Alec Soth’s homage to Robert Adams’ Summer Nights is fascinating near failure. After backtracking from night photography to experimenting with his new camera’s video function, Soth opted for still video clips of trees and their shadows, strip malls at twilight, and houses with lights in the windows; my first reaction was that it was all a little too literal for me, and not quite enough of Soth’s own vision coming through. But then I stopped looking and started listening more actively: the rustling of the trees, the background noise of a town, the settling down for the night, all captured (perhaps inadvertently) by the video. It’s an amazingly perfect soundtrack of summer nights, achingly evocative of Adams’ own photographs.
Other pairings are equally clever and thoughtful. Rinko Kawauchi reconsiders Sally Mann’s images of her children, with her own ephemeral, atmospheric shots of kids: boys swimming, a splash of water, a baby behind a curtain, the soft sunlight streaming down behind a young girl. Penelope Umbrico dives into images of mountains made masters of the medium, and then reworks them using her iPhone, creating a candy colored array of the very same mountains, somehow made less imposing by tints, tiling, and reorientations. And Doug Rickard parrots Stephen Shore’s own postcard idea back at him, discovering his own 1970s era postcards of motels, cars, and restaurants, and then further tuning them to accent the saturated yellow palette of the times; they’re a smart homage, using Rickard’s own affinity for found imagery.

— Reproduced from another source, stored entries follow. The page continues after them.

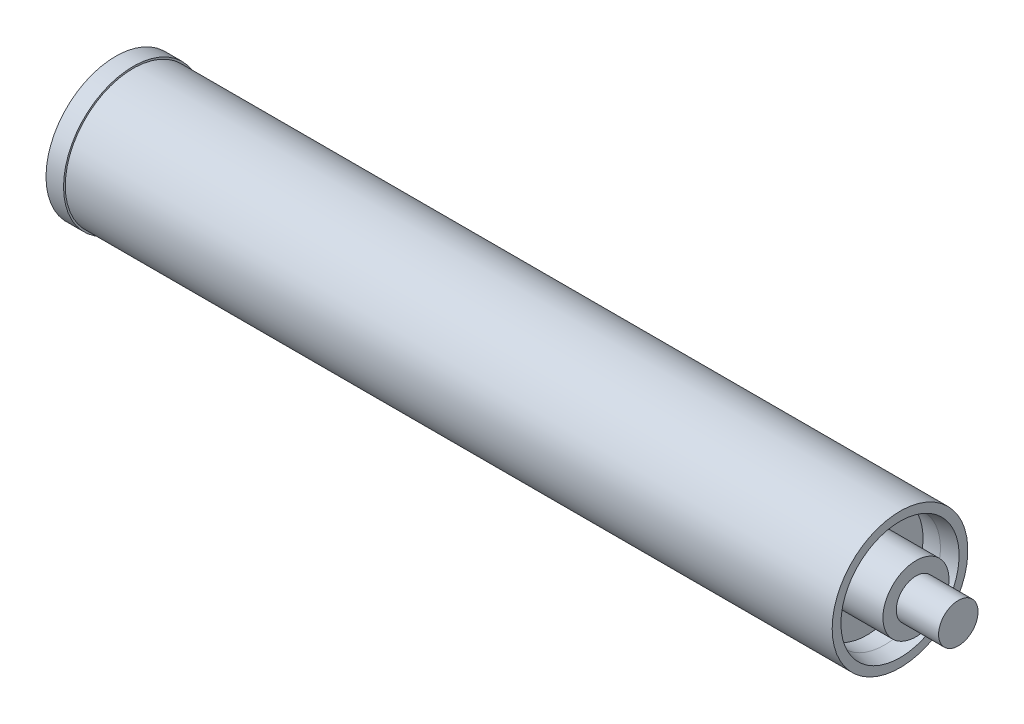
from build123d import *


with BuildPart() as part:
    # Esquisse2 → Révolution7 (revolve)
    with BuildSketch(Plane.XY):
        Polygon((0, 26), (12.7, 26), (36.56741584, 26), (36.56741584, 35.689138439), (25.4, 35.689138439), (12.7, 38.2095), (12.7, 50.419), (25.4, 50.419), (25.4, 49.149), (581.025, 49.149), (581.025, 42.820187711), (569.70214835, 40.573126289), (557.129618395, 40.573126289), (557.129618395, 23.9395), (592.597707907, 23.9395), (592.597707907, 14.2875), (623.2652, 14.2875), (623.2652, 0), (0, 0), align=None)
    revolve(axis=Axis((0, 0, 0), (1, 0, 0)))

    # Esquisse3 → Enlèvement de matière-Révolution1 (revolve, cut)
    with BuildSketch(Plane.XY):
        Polygon((0, 20), (0, 0), (557.129618395, 0), (557.129618395, 12.957757221), (539.779078227, 12.957757221), (539.779078227, 44.271024873), (65.871878934, 44.271024873), (34.08300614, 14.327580407), (19.08300614, 14.327580407), align=None)
    revolve(axis=Axis((0, 0, 0), (1, 0, 0)), mode=Mode.SUBTRACT)


solid = part.part

What I like best about this show is its sense of honoring without fawning, of acknowledging influence while still staying true to original thinking. If all of our remixed, reshuffled, chopped, and appropriated digital art of the future is as shrewd as most of what is on view here, we need not ever fear that photography is somehow over.
Collector’s POV: One of the consistently puzzling things about this venue is that it is always a challenge to figure out what is actually for sale. For the most part, this is a non-selling environment more like a museum, so there is hardly ever an easily accessible checklist with ready price information and image details. What is perplexing about this approach is that often at least some of the works are really for sale or there are additional prints available in the print room, so it usually takes some initiative to get the answers. In the case of this particular show, it is not at all clear whether any of the photographs are available for purchase. My assumption is that at a minimum the limited edition collaborative books are for sale, but I didn’t surface any prices, so interested collectors will need to follow up directly with Aperture or potentially with the various galleries that represent the artists.